Nike integrates circularity through Nike Grind, converting manufacturing scrap and worn shoes into high-performance materials. By fiscal year 2024, it achieved more than 99% waste diversion at Tier 1 suppliers, with strategic partners reaching full diversion—a documented step toward its 2025 extended-supply-chain goal. Nike Refurbished expands specialized processes to return used products to stores, extending product lifecycles, reducing waste, and enabling new revenue, all while maintaining product performance and quality.

6. Dow Inc.

CEO: Jim Fitterling – 2019
Industries: Chemicals, Packaging, Construction, Automotive

Dow leads advanced chemical recycling, breaking down mixed plastics into virgin-quality feedstocks for premium uses. Its REVOLOOP™ resins enable up to 100% post-consumer recycled content in demanding packaging like detergents, proving circularity at scale. By partnering with Valoregen in France (70,000 tons/year planned) and Mura Technology in Germany, Dow is rapidly advancing hybrid recycling facilities that blend chemical and mechanical processes.

7. General Motors (GM)

CEO: Mary Barra – 2014
Industries: Automotive, Energy Storage, Defense

GM runs a landfill‑free manufacturing model across 76 global sites, recovering 100% of manufacturing-related metals and reducing waste. It recently shifted focus to the Ultium Battery Circularity program, partnering with Cirba Solutions and Redwood Materials to build a closed‑loop system. The system recovers about 98% of critical battery materials—lithium, cobalt, nickel—from production scrap and end‑of‑life vehicles, which GM then reuses in next‑generation Ultium cells.

8. Microsoft

CEO: Satya Nadella – since 2014
Industries: Cloud Computing, Hardware, Gaming
Microsoft’s Circular Centers set the standard for IT asset management on data‑center campuses. Using AI‑driven sorting, teams test and harvest components from decommissioned servers, achieving a 90.9% reuse and recycling rate in 2024/25 and recovering 3.2 million components for internal reuse or secondary markets. In addition, they have refined rare‑earth extraction from hard drives, reaching about a 90% yield for neodymium and dysprosium.

9. Procter & Gamble (P&G)

CEO: Shailesh Jejurikar – since January 2026
Industries: Consumer Goods, Healthcare, Personal Care
P&G drives HolyGrail 2.0, applying imperceptible digital watermarks to packaging. High‑speed cameras read the codes, enabling precise separation of food‑grade versus non‑food plastics with over 90% efficiency. Intelligent sorting is entering the HolyGrail 2030 market adoption phase. It marks the first time a CPG has integrated SKU-level traceability into the global recycling stream. The technology boosts recycling quality, reduces contamination, and helps brands reclaim higher-value streams. It proves that packaging innovation can scale circularity while improving material recovery, supply chain transparency, and cutting costs for manufacturers globally in a meaningful way.

10. The Coca-Cola Company

CEO: James Quincey – Until March 2026
Industries: Beverage, Packaging, Food Service
Coca‑Cola is scaling circularity by expanding rPET use and backing Deposit Return Schemes, reaching over 50% rPET in key EU markets. In February 2025, it opened its first fully system‑owned packaging collection hub in Apapa, Lagos, capable of processing 13,000 metric tons of PET a year. That hub boosts local recycling infrastructure and supports food‑grade rPET production.

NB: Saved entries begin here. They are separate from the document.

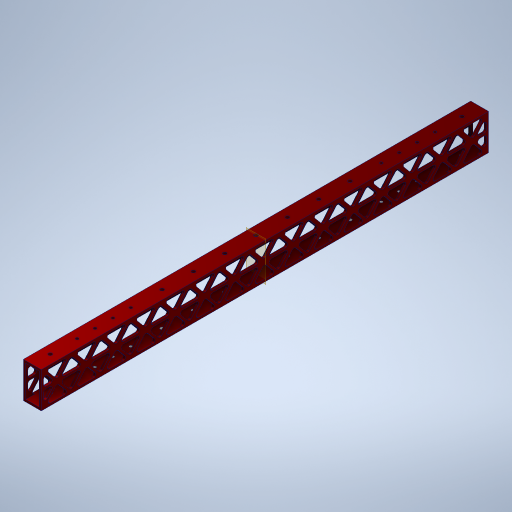
# Autodesk Inventor part: Drivetrain-Front-Back-Extrusions
Saved by Autodesk Inventor 2024.2 (Build 282272000, 272)
## iProperties
Created: 2024-01-04
Part Number: Drivetrain-Front-Back-Extrusions
Material: Aluminum 6061
Document SubType Name: Modeling
Designer: rohan
Density: 2.7 g/cm^3
Appearance: Aluminum - Flat
Author: rohan
Autodesk Inventor part; units mm, degrees
ref_plane "YZ Plane" through (0, 0, 0) normal (1, 0, 0) x (0, 1, 0)
ref_plane "XZ Plane" through (0, 0, 0) normal (0, 1, 0) x (-1, 0, 0)
ref_plane "XY Plane" through (0, 0, 0) normal (0, 0, 1) x (1, 0, 0)
sketch "Sketch1" plane through (0, 0, 0) normal (0, 0, 1) x (1, 0, 0)
  line L0 (-12.7, -25.4) -> (12.7, -25.4)
  line L1 (12.7, -25.4) -> (12.7, 25.4)
  line L2 (12.7, 25.4) -> (-12.7, 25.4)
  line L3 (-12.7, 25.4) -> (-12.7, -25.4)
  line L4 (-12.7, -25.4) -> (12.7, 25.4) construction
  line L5 (12.7, -25.4) -> (-12.7, 25.4) construction
  line L6 (-9.525, -22.225) -> (9.525, -22.225)
  line L7 (9.525, -22.225) -> (9.525, 22.225)
  line L8 (9.525, 22.225) -> (-9.525, 22.225)
  line L9 (-9.525, 22.225) -> (-9.525, -22.225)
  point P0 (0, 0)
  dimension "d0" = 25.4
  dimension "d1" = 50.8
  dimension "d2" = 3.175
  constraints: 20 end point, 4 parallel, 2 midpoint, 2 perpendicular, 1 horizontal, 3 other
  measures "d0" distance of L2.end L1.end
  measures "d1" distance of L1.end L0.end
  measures "d2" distance between parallel lines of L3 L9
extrude "Extrusion1" add sketch "Sketch1" along normal blind 635
sketch "Sketch2" plane through (-12.7, 25.4, 0) normal (0, 1, 0) x (1, 0, 0)
  circle A0 centre (12.7, -25.4) radius 2.5527
  circle A1 centre (12.7, -63.5) radius 2.0193
  line L0 (25.4, 0) -> (25.4, -635) projected
  circle A2 centre (12.7, -88.9) radius 2.0193
  circle A3 centre (12.7, -114.3) radius 2.0193
  circle A4 centre (12.7, -139.7) radius 2.0193
  point P0 (12.7, 0)
  dimension "d5" = 5.1054
  dimension "d6" = 25.4
  dimension "d7" = 4.0386
  dimension "d8" = 63.5
  dimension "d11" = 25.4
  constraints: 5 centre point, 1 vertical, 6 other
  measures "d5" diameter of A0
  measures "d6" distance of A0.centre point (12.7, 0)
  measures "d7" diameter of A1
  measures "d8" distance of A1.centre point (12.7, 0)
  measures "d11" distance of A1.centre A2.centre
extrude "Extrusion2" cut sketch "Sketch2" against normal blind 111.125
ref_plane "Work Plane1" through (0, 0, 317.5) normal (0, 0, 1) x (1, 0, 0)
mirror "Mirror1" about plane through (0, 0, 317.5) normal (0, 0, 1) of "Extrusion2"
sketch "Sketch5" plane through (12.7, -25.4, 0) normal (1, 0, 0) x (0, 0, -1)
  line L0 (-635, 0) -> (-635, 50.8) projected
  line L1 (-635, 25.4) -> (0, 25.4)
  line L2 (0, 50.8) -> (-635, 50.8) projected
  line L3 (-317.5, 50.8) -> (-317.5, 0)
  line L4 (-631.825, 30.1625) -> (-631.825, 37.2672)
  line L5 (-628.65, 26.9875) -> (-622.6851, 26.9875)
  line L6 (-620.2534, 32.204) -> (-626.2184, 39.3087)
  arc A0 (-626.2184, 39.3087) -> (-631.825, 37.2672) centre (-628.65, 37.2672) ccw
  arc A1 (-631.825, 30.1625) -> (-628.65, 26.9875) centre (-628.65, 30.1625) ccw
  arc A2 (-622.6851, 26.9875) -> (-620.2534, 32.204) centre (-622.6851, 30.1625) ccw
  line L7 (-631.825, 20.6375) -> (-631.825, 13.5328)
  line L8 (-628.65, 23.8125) -> (-622.6851, 23.8125)
  line L9 (-620.2534, 18.596) -> (-626.2184, 11.4913)
  arc A3 (-631.825, 13.5328) -> (-626.2184, 11.4913) centre (-628.65, 13.5328) ccw
  arc A4 (-628.65, 23.8125) -> (-631.825, 20.6375) centre (-628.65, 20.6375) ccw
  arc A5 (-620.2534, 18.596) -> (-622.6851, 23.8125) centre (-622.6851, 20.6375) ccw
  line L10 (-626.2184, 11.4913) -> (-620.2534, 18.596)
  line L11 (-617.8218, 16.5545) -> (-623.7867, 9.4497)
  line L12 (-623.7867, 9.4497) -> (-624.6752, 8.3915)
  line L13 (-622.2436, 3.175) -> (-602.7132, 3.175)
  line L14 (-600.2863, 8.3971) -> (-610.0741, 20.0012)
  line L15 (-624.6752, 8.3915) -> (-614.9327, 19.9956)
  arc A6 (-624.6752, 8.3915) -> (-622.2436, 3.175) centre (-622.2436, 6.35) ccw
  arc A7 (-602.7132, 3.175) -> (-600.2863, 8.3971) centre (-602.7132, 6.35) ccw
  arc A8 (-610.0741, 20.0012) -> (-614.9327, 19.9956) centre (-612.5011, 17.9541) ccw
  line L16 (-608.3475, 17.9541) -> (-602.1017, 10.5494)
  line L17 (-604.7305, 18.5904) -> (-599.6748, 12.5965)
  line L18 (-602.3036, 23.8125) -> (-582.8708, 23.8125)
  line L19 (-599.6748, 12.5965) -> (-604.7305, 18.5904)
  line L20 (-604.7305, 18.5904) -> (-595.0141, 7.0711)
  line L21 (-585.4997, 12.5965) -> (-580.4439, 18.5904)
  line L22 (-580.4439, 18.5904) -> (-590.1603, 7.0711)
  arc A9 (-595.0141, 7.0711) -> (-590.1603, 7.0711) centre (-592.5872, 9.1182) ccw
  arc A10 (-602.3036, 23.8125) -> (-604.7305, 18.5904) centre (-602.3036, 20.6375) ccw
  arc A11 (-580.4439, 18.5904) -> (-582.8708, 23.8125) centre (-582.8708, 20.6375) ccw
  line L23 (-623.7867, 41.3503) -> (-615.5957, 41.3503) construction
  line L24 (-622.2436, 47.625) -> (-602.7132, 47.625)
  line L25 (-600.2863, 42.4029) -> (-610.0741, 30.7988)
  line L26 (-624.6752, 42.4085) -> (-614.9327, 30.8044)
  arc A12 (-622.2436, 47.625) -> (-624.6752, 42.4085) centre (-622.2436, 44.45) ccw
  arc A13 (-600.2863, 42.4029) -> (-602.7132, 47.625) centre (-602.7132, 44.45) ccw
  arc A14 (-614.9327, 30.8044) -> (-610.0741, 30.7988) centre (-612.5011, 32.8459) ccw
  line L27 (-608.3475, 32.8459) -> (-602.1017, 40.2506)
  line L28 (-604.7305, 32.2096) -> (-599.6748, 38.2035)
  line L29 (-602.3036, 26.9875) -> (-582.8708, 26.9875)
  line L30 (-599.6748, 38.2035) -> (-604.7305, 32.2096)
  line L31 (-604.7305, 32.2096) -> (-595.0141, 43.7289)
  line L32 (-585.4997, 38.2035) -> (-580.4439, 32.2096)
  line L33 (-580.4439, 32.2096) -> (-590.1603, 43.7289)
  arc A15 (-590.1603, 43.7289) -> (-595.0141, 43.7289) centre (-592.5872, 41.6818) ccw
  arc A16 (-604.7305, 32.2096) -> (-602.3036, 26.9875) centre (-602.3036, 30.1625) ccw
  arc A17 (-582.8708, 26.9875) -> (-580.4439, 32.2096) centre (-582.8708, 30.1625) ccw
  line L34 (-3.175, 30.1625) -> (-3.175, 37.2672)
  line L35 (-6.35, 26.9875) -> (-12.3149, 26.9875)
  line L36 (-14.7466, 32.204) -> (-8.7816, 39.3087)
  arc A18 (-3.175, 37.2672) -> (-8.7816, 39.3087) centre (-6.35, 37.2672) ccw
  arc A19 (-6.35, 26.9875) -> (-3.175, 30.1625) centre (-6.35, 30.1625) ccw
  arc A20 (-14.7466, 32.204) -> (-12.3149, 26.9875) centre (-12.3149, 30.1625) ccw
  arc A21 (-8.7816, 11.4913) -> (-3.175, 13.5328) centre (-6.35, 13.5328) ccw
  line L37 (-3.175, 20.6375) -> (-3.175, 13.5328)
  line L38 (-14.7466, 18.596) -> (-8.7816, 11.4913)
  arc A22 (-3.175, 20.6375) -> (-6.35, 23.8125) centre (-6.35, 20.6375) ccw
  line L39 (-6.35, 23.8125) -> (-12.3149, 23.8125)
  arc A23 (-12.3149, 23.8125) -> (-14.7466, 18.596) centre (-12.3149, 20.6375) ccw
  line L40 (-8.7816, 11.4913) -> (-14.7466, 18.596)
  line L41 (-17.1782, 16.5545) -> (-11.2133, 9.4497)
  line L42 (-11.2133, 9.4497) -> (-10.3248, 8.3915)
  line L43 (-12.7564, 3.175) -> (-32.2868, 3.175)
  line L44 (-34.7137, 8.3971) -> (-24.9259, 20.0012)
  line L45 (-10.3248, 8.3915) -> (-20.0673, 19.9956)
  arc A24 (-12.7564, 3.175) -> (-10.3248, 8.3915) centre (-12.7564, 6.35) ccw
  arc A25 (-34.7137, 8.3971) -> (-32.2868, 3.175) centre (-32.2868, 6.35) ccw
  arc A26 (-20.0673, 19.9956) -> (-24.9259, 20.0012) centre (-22.4989, 17.9541) ccw
  arc A27 (-32.2868, 47.625) -> (-34.7137, 42.4029) centre (-32.2868, 44.45) ccw
  arc A28 (-24.9259, 30.7988) -> (-20.0673, 30.8044) centre (-22.4989, 32.8459) ccw
  line L46 (-12.7564, 47.625) -> (-32.2868, 47.625)
  line L47 (-34.7137, 42.4029) -> (-24.9259, 30.7988)
  line L48 (-11.2133, 41.3503) -> (-19.4043, 41.3503) construction
  line L49 (-10.3248, 42.4085) -> (-20.0673, 30.8044)
  arc A29 (-10.3248, 42.4085) -> (-12.7564, 47.625) centre (-12.7564, 44.45) ccw
  arc A30 (-538.4069, 18.5904) -> (-540.8338, 23.8125) centre (-540.8338, 20.6375) ccw
  arc A31 (-540.8338, 26.9875) -> (-538.4069, 32.2096) centre (-540.8338, 30.1625) ccw
  line L50 (-543.4627, 38.2035) -> (-538.4069, 32.2096)
  line L51 (-538.4069, 32.2096) -> (-548.1233, 43.7289)
  line L52 (-560.2666, 23.8125) -> (-540.8338, 23.8125)
  arc A32 (-558.2493, 42.4029) -> (-560.6762, 47.625) centre (-560.6762, 44.45) ccw
  line L53 (-562.6935, 32.2096) -> (-552.9771, 43.7289)
  line L54 (-562.6935, 32.2096) -> (-557.6378, 38.2035)
  line L55 (-557.6378, 38.2035) -> (-562.6935, 32.2096)
  line L56 (-592.963, 25.4) -> (42.037, 25.4)
  line L57 (-560.2666, 26.9875) -> (-540.8338, 26.9875)
  arc A33 (-568.0371, 20.0012) -> (-572.8957, 19.9956) centre (-570.4641, 17.9541) ccw
  arc A34 (-560.2666, 23.8125) -> (-562.6935, 18.5904) centre (-560.2666, 20.6375) ccw
  line L58 (-575.7848, 16.5545) -> (-581.7497, 9.4497)
  line L59 (-580.2066, 3.175) -> (-560.6762, 3.175)
  line L60 (-582.6382, 8.3915) -> (-572.8957, 19.9956)
  line L61 (-558.2493, 8.3971) -> (-568.0371, 20.0012)
  arc A35 (-560.6762, 3.175) -> (-558.2493, 8.3971) centre (-560.6762, 6.35) ccw
  line L62 (-566.3105, 17.9541) -> (-560.0647, 10.5494)
  line L63 (-562.6935, 18.5904) -> (-557.6378, 12.5965)
  line L64 (-557.6378, 12.5965) -> (-562.6935, 18.5904)
  line L65 (-562.6935, 18.5904) -> (-552.9771, 7.0711)
  line L66 (-543.4627, 12.5965) -> (-538.4069, 18.5904)
  line L67 (-538.4069, 18.5904) -> (-548.1233, 7.0711)
  arc A36 (-552.9771, 7.0711) -> (-548.1233, 7.0711) centre (-550.5502, 9.1182) ccw
  arc A37 (-548.1233, 43.7289) -> (-552.9771, 43.7289) centre (-550.5502, 41.6818) ccw
  line L68 (-582.6382, 42.4085) -> (-572.8957, 30.8044)
  line L69 (-581.7497, 41.3503) -> (-573.5587, 41.3503) construction
  line L70 (-580.2066, 47.625) -> (-560.6762, 47.625)
  arc A38 (-572.8957, 30.8044) -> (-568.0371, 30.7988) centre (-570.4641, 32.8459) ccw
  line L71 (-566.3105, 32.8459) -> (-560.0647, 40.2506)
  arc A39 (-562.6935, 32.2096) -> (-560.2666, 26.9875) centre (-560.2666, 30.1625) ccw
  line L72 (-558.2493, 42.4029) -> (-568.0371, 30.7988)
  arc A40 (-582.6382, 8.3915) -> (-580.2066, 3.175) centre (-580.2066, 6.35) ccw
  arc A41 (-580.2066, 47.625) -> (-582.6382, 42.4085) centre (-580.2066, 44.45) ccw
  arc A42 (-496.3699, 18.5904) -> (-498.7968, 23.8125) centre (-498.7968, 20.6375) ccw
  arc A43 (-498.7968, 26.9875) -> (-496.3699, 32.2096) centre (-498.7968, 30.1625) ccw
  line L73 (-501.4257, 38.2035) -> (-496.3699, 32.2096)
  line L74 (-496.3699, 32.2096) -> (-506.0863, 43.7289)
  line L75 (-518.2296, 23.8125) -> (-498.7968, 23.8125)
  arc A44 (-516.2123, 42.4029) -> (-518.6392, 47.625) centre (-518.6392, 44.45) ccw
  line L76 (-520.6565, 32.2096) -> (-510.9401, 43.7289)
  line L77 (-520.6565, 32.2096) -> (-515.6008, 38.2035)
  line L78 (-515.6008, 38.2035) -> (-520.6565, 32.2096)
  line L79 (-550.926, 25.4) -> (84.074, 25.4)
  line L80 (-518.2296, 26.9875) -> (-498.7968, 26.9875)
  arc A45 (-526.0001, 20.0012) -> (-530.8587, 19.9956) centre (-528.4271, 17.9541) ccw
  arc A46 (-518.2296, 23.8125) -> (-520.6565, 18.5904) centre (-518.2296, 20.6375) ccw
  line L81 (-533.7478, 16.5545) -> (-539.7127, 9.4497)
  line L82 (-538.1696, 3.175) -> (-518.6392, 3.175)
  line L83 (-540.6012, 8.3915) -> (-530.8587, 19.9956)
  line L84 (-516.2123, 8.3971) -> (-526.0001, 20.0012)
  arc A47 (-518.6392, 3.175) -> (-516.2123, 8.3971) centre (-518.6392, 6.35) ccw
  line L85 (-524.2735, 17.9541) -> (-518.0277, 10.5494)
  line L86 (-520.6565, 18.5904) -> (-515.6008, 12.5965)
  line L87 (-515.6008, 12.5965) -> (-520.6565, 18.5904)
  line L88 (-520.6565, 18.5904) -> (-510.9401, 7.0711)
  line L89 (-501.4257, 12.5965) -> (-496.3699, 18.5904)
  line L90 (-496.3699, 18.5904) -> (-506.0863, 7.0711)
  arc A48 (-510.9401, 7.0711) -> (-506.0863, 7.0711) centre (-508.5132, 9.1182) ccw
  arc A49 (-506.0863, 43.7289) -> (-510.9401, 43.7289) centre (-508.5132, 41.6818) ccw
  line L91 (-540.6012, 42.4085) -> (-530.8587, 30.8044)
  line L92 (-539.7127, 41.3503) -> (-531.5217, 41.3503) construction
  line L93 (-538.1696, 47.625) -> (-518.6392, 47.625)
  arc A50 (-530.8587, 30.8044) -> (-526.0001, 30.7988) centre (-528.4271, 32.8459) ccw
  line L94 (-524.2735, 32.8459) -> (-518.0277, 40.2506)
  arc A51 (-520.6565, 32.2096) -> (-518.2296, 26.9875) centre (-518.2296, 30.1625) ccw
  line L95 (-516.2123, 42.4029) -> (-526.0001, 30.7988)
  arc A52 (-540.6012, 8.3915) -> (-538.1696, 3.175) centre (-538.1696, 6.35) ccw
  arc A53 (-538.1696, 47.625) -> (-540.6012, 42.4085) centre (-538.1696, 44.45) ccw
  arc A54 (-454.3329, 18.5904) -> (-456.7598, 23.8125) centre (-456.7598, 20.6375) ccw
  arc A55 (-456.7598, 26.9875) -> (-454.3329, 32.2096) centre (-456.7598, 30.1625) ccw
  line L96 (-459.3887, 38.2035) -> (-454.3329, 32.2096)
  line L97 (-454.3329, 32.2096) -> (-464.0493, 43.7289)
  line L98 (-476.1926, 23.8125) -> (-456.7598, 23.8125)
  arc A56 (-474.1753, 42.4029) -> (-476.6022, 47.625) centre (-476.6022, 44.45) ccw
  line L99 (-478.6195, 32.2096) -> (-468.9031, 43.7289)
  line L100 (-478.6195, 32.2096) -> (-473.5638, 38.2035)
  line L101 (-473.5638, 38.2035) -> (-478.6195, 32.2096)
  line L102 (-508.889, 25.4) -> (126.111, 25.4)
  line L103 (-476.1926, 26.9875) -> (-456.7598, 26.9875)
  arc A57 (-483.9631, 20.0012) -> (-488.8217, 19.9956) centre (-486.3901, 17.9541) ccw
  arc A58 (-476.1926, 23.8125) -> (-478.6195, 18.5904) centre (-476.1926, 20.6375) ccw
  line L104 (-491.7108, 16.5545) -> (-497.6757, 9.4497)
  line L105 (-496.1326, 3.175) -> (-476.6022, 3.175)
  line L106 (-498.5642, 8.3915) -> (-488.8217, 19.9956)
  line L107 (-474.1753, 8.3971) -> (-483.9631, 20.0012)
  arc A59 (-476.6022, 3.175) -> (-474.1753, 8.3971) centre (-476.6022, 6.35) ccw
  line L108 (-482.2365, 17.9541) -> (-475.9907, 10.5494)
  line L109 (-478.6195, 18.5904) -> (-473.5638, 12.5965)
  line L110 (-473.5638, 12.5965) -> (-478.6195, 18.5904)
  line L111 (-478.6195, 18.5904) -> (-468.9031, 7.0711)
  line L112 (-459.3887, 12.5965) -> (-454.3329, 18.5904)
  line L113 (-454.3329, 18.5904) -> (-464.0493, 7.0711)
  arc A60 (-468.9031, 7.0711) -> (-464.0493, 7.0711) centre (-466.4762, 9.1182) ccw
  arc A61 (-464.0493, 43.7289) -> (-468.9031, 43.7289) centre (-466.4762, 41.6818) ccw
  line L114 (-498.5642, 42.4085) -> (-488.8217, 30.8044)
  line L115 (-497.6757, 41.3503) -> (-489.4847, 41.3503) construction
  line L116 (-496.1326, 47.625) -> (-476.6022, 47.625)
  arc A62 (-488.8217, 30.8044) -> (-483.9631, 30.7988) centre (-486.3901, 32.8459) ccw
  line L117 (-482.2365, 32.8459) -> (-475.9907, 40.2506)
  arc A63 (-478.6195, 32.2096) -> (-476.1926, 26.9875) centre (-476.1926, 30.1625) ccw
  line L118 (-474.1753, 42.4029) -> (-483.9631, 30.7988)
  arc A64 (-498.5642, 8.3915) -> (-496.1326, 3.175) centre (-496.1326, 6.35) ccw
  arc A65 (-496.1326, 47.625) -> (-498.5642, 42.4085) centre (-496.1326, 44.45) ccw
  arc A66 (-412.2959, 18.5904) -> (-414.7228, 23.8125) centre (-414.7228, 20.6375) ccw
  arc A67 (-414.7228, 26.9875) -> (-412.2959, 32.2096) centre (-414.7228, 30.1625) ccw
  line L119 (-417.3517, 38.2035) -> (-412.2959, 32.2096)
  line L120 (-412.2959, 32.2096) -> (-422.0123, 43.7289)
  line L121 (-434.1556, 23.8125) -> (-414.7228, 23.8125)
  arc A68 (-432.1383, 42.4029) -> (-434.5652, 47.625) centre (-434.5652, 44.45) ccw
  line L122 (-436.5825, 32.2096) -> (-426.8661, 43.7289)
  line L123 (-436.5825, 32.2096) -> (-431.5268, 38.2035)
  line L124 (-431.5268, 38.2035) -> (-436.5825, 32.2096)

In 2026, American manufacturing has redefined waste as a high-value resource. By shifting from disposable models to regenerative closed-loop systems, industry leaders are effectively lowering operational costs while securing domestic supply chains against global volatility. In this landscape, circularity is no longer a peripheral virtue. It’s a competitive necessity driving long-term value in a global market now surpassing $578 billion.